Was haltet ihr davon? Klar ist es eine "Krücke" jedoch für nen Zehner vielleicht einen Versuch wert? Oder handelt man sich damit mehr Probleme ein als alles andere?

Thx


----------



## IluBabe (20. September 2014)

*AW: Mainboard für Xeon all core Turbo*

Für nen 10er wenns garantiert ist geht das schon. Wie sie das machen schreiben sie nicht? Haben sie das BIos gemoded? Sind aber nur ne 0 auf dem ersten 100MHz auf dem zweiten usw. Sprich 100+200+300 =600 auf 4 Kerne =150MHz mehr auf allen Kernen. Sprich du bezahlst halt für 150MHz 10€ mehr. BCLK ist kein übertakten sondern nur System instabilisieren/alle am BCLK Takt angehängten Bauteile unnötig belasten. 

Der Brocken Eco ist dafür ausreichend. Ram brauchst du auch nicht zu ändern.


----------



## Westcoast (20. September 2014)

*AW: Mainboard für Xeon all core Turbo*

da nehme ich lieber dieses board: https://geizhals.de/gigabyte-ga-z97-hd3-a1107961.html

kann auch alle kerne hochziehen per multi.

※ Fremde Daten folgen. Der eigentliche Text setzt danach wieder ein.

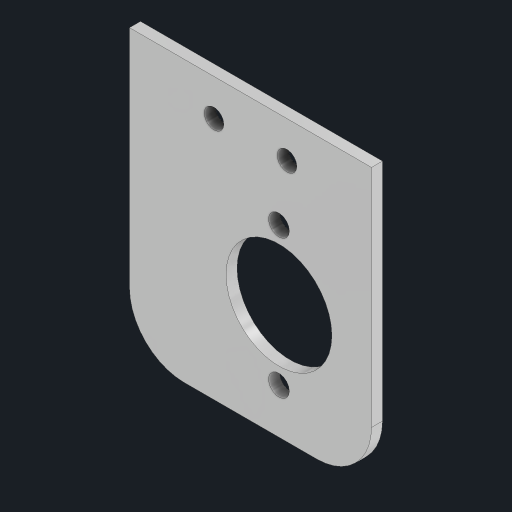
# Autodesk Inventor part: Chapa motor
Saved by Autodesk Inventor 2026.1 (Build 301233020, 233B)
## iProperties
Created: 2025-01-07
Part Number: Chapa motor
Material: Alumínio
Document SubType Name: Modeling
Designer: Cliente
Density: 2.7 g/cm^3
Appearance: Acetinado
Mass: 34.2734 g
Surface Area: 97.6448 cm^2
Volume: 12.6938 cm^3
Author: Cliente
Autodesk Inventor part; units mm, degrees
ref_plane "YZ Plane" through (0, 0, 0) normal (1, 0, 0) x (0, 1, 0)
ref_plane "XZ Plane" through (0, 0, 0) normal (0, 1, 0) x (-1, 0, 0)
ref_plane "XY Plane" through (0, 0, 0) normal (0, 0, 1) x (1, 0, 0)
sketch "Esboço1" plane through (0, 0, 0) normal (0, 0, 1) x (1, 0, 0)
  circle A0 centre (28.5665, -19) radius 2.85 projected
  circle A1 centre (28.5665, 19) radius 2.85 projected
  circle A2 centre (19.0665, 16.4545) radius 3.7 projected
  circle A3 centre (19.0665, -16.4545) radius 3.7 projected
  circle A4 centre (47.5665, 0) radius 3.7 projected
  circle A5 centre (28.5665, 0) radius 14.3 projected
  circle A6 centre (28.5665, 0) radius 25.35 projected
  circle A7 centre (20.7665, 0) radius 3.15 projected
  circle A8 centre (30.7665, 35.35) radius 2.5 projected
  circle A9 centre (10.7665, 35.35) radius 2.5 projected
  line L0 (40.2665, 45.35) -> (35.5665, 45.35) projected
  line L1 (35.5665, 45.35) -> (33.7665, 43.55) projected
  line L2 (33.7665, 43.55) -> (36.2665, 43.55) projected
  line L3 (36.2665, 43.55) -> (36.2665, 41.8399) projected
  line L4 (36.2665, 41.8399) -> (33.7765, 39.35) projected
  line L5 (33.7765, 39.35) -> (27.7564, 39.35) projected
  line L6 (27.7564, 39.35) -> (25.2665, 41.8399) projected
  line L7 (25.2665, 41.8399) -> (25.2665, 43.55) projected
  line L8 (25.2665, 43.55) -> (27.7665, 43.55) projected
  line L9 (27.7665, 43.55) -> (25.9665, 45.35) projected
  line L10 (25.9665, 45.35) -> (15.5665, 45.35) projected
  line L11 (15.5665, 45.35) -> (13.7665, 43.55) projected
  line L12 (13.7665, 43.55) -> (16.2665, 43.55) projected
  line L13 (16.2665, 43.55) -> (16.2665, 41.8399) projected
  line L14 (16.2665, 41.8399) -> (13.7765, 39.35) projected
  line L15 (13.7765, 39.35) -> (7.7564, 39.35) projected
  line L16 (7.7564, 39.35) -> (5.2665, 41.8399) projected
  line L17 (5.2665, 41.8399) -> (5.2665, 43.55) projected
  line L18 (5.2665, 43.55) -> (7.7665, 43.55) projected
  line L19 (7.7665, 43.55) -> (5.9665, 45.35) projected
  line L20 (5.9665, 45.35) -> (1.2665, 45.35) projected
  arc A10 (1.2665, 45.35) -> (0.7665, 44.85) centre (1.2665, 44.85) ccw projected
  line L21 (0.7665, 44.85) -> (0.7665, 40.15) projected
  line L22 (0.7665, 40.15) -> (2.5665, 38.35) projected
  line L23 (2.5665, 38.35) -> (2.5665, 40.85) projected
  line L24 (2.5665, 40.85) -> (4.2765, 40.85) projected
  line L25 (4.2765, 40.85) -> (6.7665, 38.3601) projected
  line L26 (6.7665, 38.3601) -> (6.7665, 32.3399) projected
  line L27 (6.7665, 32.3399) -> (4.2765, 29.85) projected
  line L28 (4.2765, 29.85) -> (2.5665, 29.85) projected
  line L29 (2.5665, 29.85) -> (2.5665, 32.35) projected
  line L30 (2.5665, 32.35) -> (0.7665, 30.55) projected
  line L31 (0.7665, 30.55) -> (0.7665, 25.85) projected
  arc A11 (0.7665, 25.85) -> (1.2665, 25.35) centre (1.2665, 25.85) ccw projected
  line L32 (1.2665, 25.35) -> (5.9665, 25.35) projected
  line L33 (5.9665, 25.35) -> (7.7665, 27.15) projected
  line L34 (7.7665, 27.15) -> (5.2665, 27.15) projected
  line L35 (5.2665, 27.15) -> (5.2665, 28.8601) projected
  line L36 (5.2665, 28.8601) -> (7.7564, 31.35) projected
  line L37 (7.7564, 31.35) -> (13.7765, 31.35) projected
  line L38 (13.7765, 31.35) -> (16.2665, 28.8601) projected
  line L39 (16.2665, 28.8601) -> (16.2665, 27.15) projected
  line L40 (16.2665, 27.15) -> (13.7665, 27.15) projected
  line L41 (13.7665, 27.15) -> (15.5665, 25.35) projected
  line L42 (15.5665, 25.35) -> (25.9665, 25.35) projected
  line L43 (25.9665, 25.35) -> (27.7665, 27.15) projected
  line L44 (27.7665, 27.15) -> (25.2665, 27.15) projected
  line L45 (25.2665, 27.15) -> (25.2665, 28.8601) projected
  line L46 (25.2665, 28.8601) -> (27.7564, 31.35) projected
  line L47 (27.7564, 31.35) -> (33.7765, 31.35) projected
  line L48 (33.7765, 31.35) -> (36.2665, 28.8601) projected
  line L49 (36.2665, 28.8601) -> (36.2665, 27.15) projected
  line L50 (36.2665, 27.15) -> (33.7665, 27.15) projected
  line L51 (33.7665, 27.15) -> (35.5665, 25.35) projected
  line L52 (35.5665, 25.35) -> (40.2665, 25.35) projected
  arc A12 (40.2665, 25.35) -> (40.7665, 25.85) centre (40.2665, 25.85) ccw projected
  line L53 (40.7665, 25.85) -> (40.7665, 30.55) projected
  line L54 (40.7665, 30.55) -> (38.9665, 32.35) projected
  line L55 (38.9665, 32.35) -> (38.9665, 29.85) projected
  line L56 (38.9665, 29.85) -> (37.2564, 29.85) projected
  line L57 (37.2564, 29.85) -> (34.7665, 32.3399) projected
  line L58 (34.7665, 32.3399) -> (34.7665, 38.3601) projected
  line L59 (34.7665, 38.3601) -> (37.2564, 40.85) projected
  line L60 (37.2564, 40.85) -> (38.9665, 40.85) projected
  line L61 (38.9665, 40.85) -> (38.9665, 38.35) projected
  line L62 (38.9665, 38.35) -> (40.7665, 40.15) projected
  line L63 (40.7665, 40.15) -> (40.7665, 44.85) projected
  arc A13 (40.7665, 44.85) -> (40.2665, 45.35) centre (40.2665, 44.85) ccw projected
  circle A14 centre (30.7665, 35.35) radius 2.5 projected
  circle A15 centre (10.7665, 35.35) radius 2.5 projected
  line L64 (23.8665, 27.15) -> (17.6665, 27.15) projected
  line L65 (17.6665, 27.15) -> (17.6665, 29.4399) projected
  line L66 (17.6665, 29.4399) -> (14.7665, 32.3399) projected
  line L67 (14.7665, 32.3399) -> (14.7665, 38.3601) projected
  line L68 (14.7665, 38.3601) -> (17.6665, 41.2601) projected
  line L69 (17.6665, 41.2601) -> (17.6665, 43.55) projected
  line L70 (17.6665, 43.55) -> (23.8665, 43.55) projected
  line L71 (23.8665, 43.55) -> (23.8665, 41.2601) projected
  line L72 (23.8665, 41.2601) -> (26.7665, 38.3601) projected
  line L73 (26.7665, 38.3601) -> (26.7665, 32.3399) projected
  line L74 (26.7665, 32.3399) -> (23.8665, 29.4399) projected
  line L75 (23.8665, 29.4399) -> (23.8665, 27.15) projected
  circle A16 centre (20.7665, 0) radius 33.15
  line L76 (-12.3835, 0) -> (-12.3835, 45.35)
  line L77 (53.9165, 0) -> (53.9165, 45.35)
  line L78 (53.9165, 33.15) -> (-12.3835, 33.15)
  line L79 (-12.3835, 33.15) -> (-12.3835, -16.35)
  line L80 (53.9165, -16.35) -> (53.9165, 33.15)
  line L81 (53.9165, 33.15) -> (-12.3835, -33.15) construction
  line L82 (-12.3835, 33.15) -> (53.9165, -33.15) construction
  line L83 (-12.3835, 45.35) -> (53.9165, 45.35)
  circle A17 centre (10.7665, 35.35) radius 2.7
  circle A18 centre (30.7665, 35.35) radius 2.7
  circle A19 centre (28.5665, 0) radius 14.5
  line L84 (53.9165, -33.15) -> (-12.3835, -33.15)
  line L85 (28.5665, -25.35) -> (28.5665, -31.35)
  line L86 (28.5665, -31.35) -> (38.9165, -31.35)
  line L87 (28.5665, -31.35) -> (2.6165, -31.35)
  arc A20 (38.9165, -31.35) -> (53.9165, -16.35) centre (38.9165, -16.35) ccw
  arc A21 (-12.3835, -16.35) -> (2.6165, -31.35) centre (2.6165, -16.35) ccw
  point P0 (0, 0)
  point P1 (1.2665, 45.35)
  point P2 (40.2665, 45.35)
  point P3 (35.3631, 29.7634)
  point P4 (31.5414, 31.35)
  point P5 (9.9915, 31.35)
  point P6 (6.1698, 29.7634)
  point P7 (6.7665, 33.15)
  point P8 (9.2012, 33.15)
  point P9 (12.3317, 33.15)
  point P10 (14.7665, 33.15)
  point P11 (26.7665, 33.15)
  point P12 (29.2012, 33.15)
  point P13 (32.3317, 33.15)
  point P14 (34.7665, 33.15)
  point P15 (-12.3835, -31.35)
  point P16 (9.9915, -31.35)
  point P17 (-12.3835, 0)
  point P18 (0.7665, 26.4371)
  point P19 (40.7665, 26.4371)
  point P20 (31.5414, -31.35)
  point P21 (53.9165, 33.15)
  point P22 (15.5665, 45.35)
  point P23 (5.9665, 45.35)
  point P24 (35.5665, 45.35)
  point P25 (25.9665, 45.35)
  point P26 (20.7665, 33.15)
  point P27 (53.9165, 0)
  point P28 (26.7665, 32.6025)
  point P29 (14.7665, 32.6025)
  point P30 (53.9165, 0)
  point P31 (-3.4123, 39.9724)
  point P32 (-12.1877, 39.9724)
  point P33 (-11.896, 40.264)
  point P34 (-3.704, 40.264)
  point P35 (-21.8, 37.1627)
  point P36 (-15.5308, 39.35)
  point P37 (-14.5758, 39.5642)
  point P38 (-1.0242, 39.5642)
  point P39 (6.2, 37.1627)
  point P40 (-0.0692, 39.35)
  point P41 (7.7, 29.3031)
  point P42 (-23.3, 29.3031)
  point P43 (12.0813, 26.5265)
  point P44 (-27.6813, 26.5265)
  point P45 (-2.4281, 32.7119)
  point P46 (-13.1719, 32.7119)
  point P47 (-13.6101, 33.15)
  point P48 (-1.9899, 33.15)
  dimension "d1" = 5.4
  dimension "d2" = 5.4
  dimension "d3" = 0.2
  dimension "d6" = 6
  dimension "d7" = 15
  constraints: 24 end point, 6 point on circle, 6 vertical, 5 centre point, 5 point on line, 5 tangent, 4 horizontal, 3 coincident, 2 midpoint, 2 perpendicular, 1 equal radius, 1 horizontal alignment, 1 parallel, 1 vertical alignment, 5 other
  measures "d1" diameter of A17
  measures "d2" diameter of A18
  measures "d3" radial gap between concentric circles of A5 A19
  measures "d6" distance of L85.start L85.end
  measures "d7" radius of A20
extrude "Extrusão1" add sketch "Esboço1" along normal blind 3 contours A2 | A3 | A4 | A6 | A16 L86 L85 A6 | A6 L85 L87 A16 L31 A11 L32 L33 L34 L35 L36 L37 L38 L39 L40 L41 L42 L43 L44 L45 L46 L47 L48 L49 L50 L51 L52 A12 L53 | L80 A20 L86 A16 | A16 L53 L54 L55 L56 L57 L58 L78 L77 | A16 L48 L47 L73 L78 A18 L58 L57 L56 L55 L54 L53 | L53 A12 L52 L51 L50 L49 L48 A16 | L78 L58 L59 L60 L61 L62 L63 A13 L83 L77 | A16 L47 L48 | L78 A18 L73 L72 L71 L70 L69 L68 L67 A17 L26 L25 L24 L23 L22 L21 A10 L20 L19 L18 L17 L16 L15 L14 L13 L12 L11 L10 L9 L8 L7 L6 L5 L4 L3 L2 L1 L0 A13 L63 L62 L61 L60 L59 L58 | L87 A21 L79 A16 | L47 L46 L45 L44 L43 L42 L41 L40 L39 L38 L37 A16 L67 L66 L65 L64 L75 L74 L73 | L76 L78 L26 L27 L28 L29 L30 L31 A16 | A16 L78 L73 | L73 L74 L75 L64 L65 L66 L67 A16 | L1 L2 L3 L4 L5 L6 L7 L8 L9 L83 | A16 L36 L35 L34 L33 L32 A11 L31 | L31 L30 L29 L28 L27 L26 L78 A17 L67 A16 L37 L36 | L76 L83 A10 L21 L22 L23 L24 L25 L26 L78 | L78 L67 L68 L69 L70 L71 L72 L73 | A16 L67 L78 | L36 L37 A16 | L11 L12 L13 L14 L15 L16 L17 L18 L19 L83

BCLK würde ich ruhe lassen, weil andere bereiche auch daran hängen. manche boards zicken schon bei 103 mhz herum oder 104mhz.


----------



## Ratttray (20. September 2014)

*AW: Mainboard für Xeon all core Turbo*

Hi,

es ist ein gemoddetes Bios in dem man den Turbo Mode des Xeons permanent aktivieren kann und das auf allen 4 Kernen statt nur auf Einem. BCLK wäre ein zusätzliche Option um noch etwas mehr rauszukitzeln. 
Diskussion in deren Board: JZ Board
BCLK Test:
Intel Xeon E3-1231 v3 im Test (Seite 6) - ComputerBase

Mich interessieren zu den o.G. Ressourcen die Erfahrungen von euch hier - ich bin bisher sehr positiv überrascht von dem vielen Fachwissen in den PCGH Foren 



Westcoast schrieb:


> da nehme ich lieber dieses board: https://geizhals.de/gigabyte-ga-z97-hd3-a1107961.html
> kann auch alle kerne hochziehen per multi.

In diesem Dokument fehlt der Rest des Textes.